DATA SHOWN —

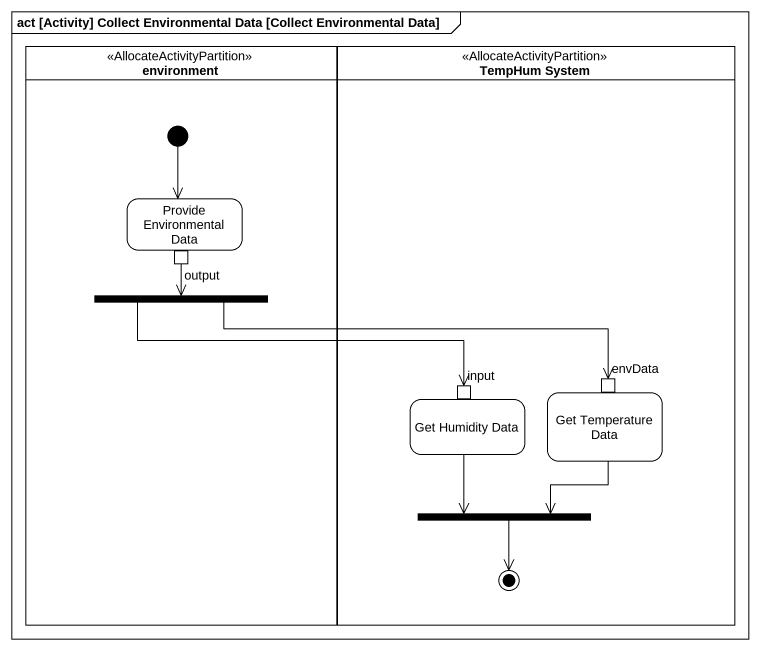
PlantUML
@startuml
mainframe act [Activity] Collect Environmental Data [Collect Environmental Data]
hide empty description
state environment <<AllocateActivityPartition>> {
  state "Provide Environmental Data" as Provide_Environmental_Data {
    state output <<outputPin>>
  }
  state fork1 <<fork>>
  [*] --> Provide_Environmental_Data
}
state "TempHum System" as TempHum_System <<AllocateActivityPartition>> {
  state "Get Humidity Data" as Get_Humidity_Data {
    state input <<inputPin>>
  }
  state "Get Temperature Data" as Get_Temperature_Data {
    state envData <<inputPin>>
  }
  state fork2 <<join>>
  fork2 --> [*]
}
output --> fork1
fork1 -right-> input
fork1 -right-> envData
Get_Humidity_Data --> fork2
Get_Temperature_Data --> fork2
@enduml

PROBLEM STATEMENT — Count how many lines of the data include the word "output". Your reply should be that number alone.

FINISHED TASK — 2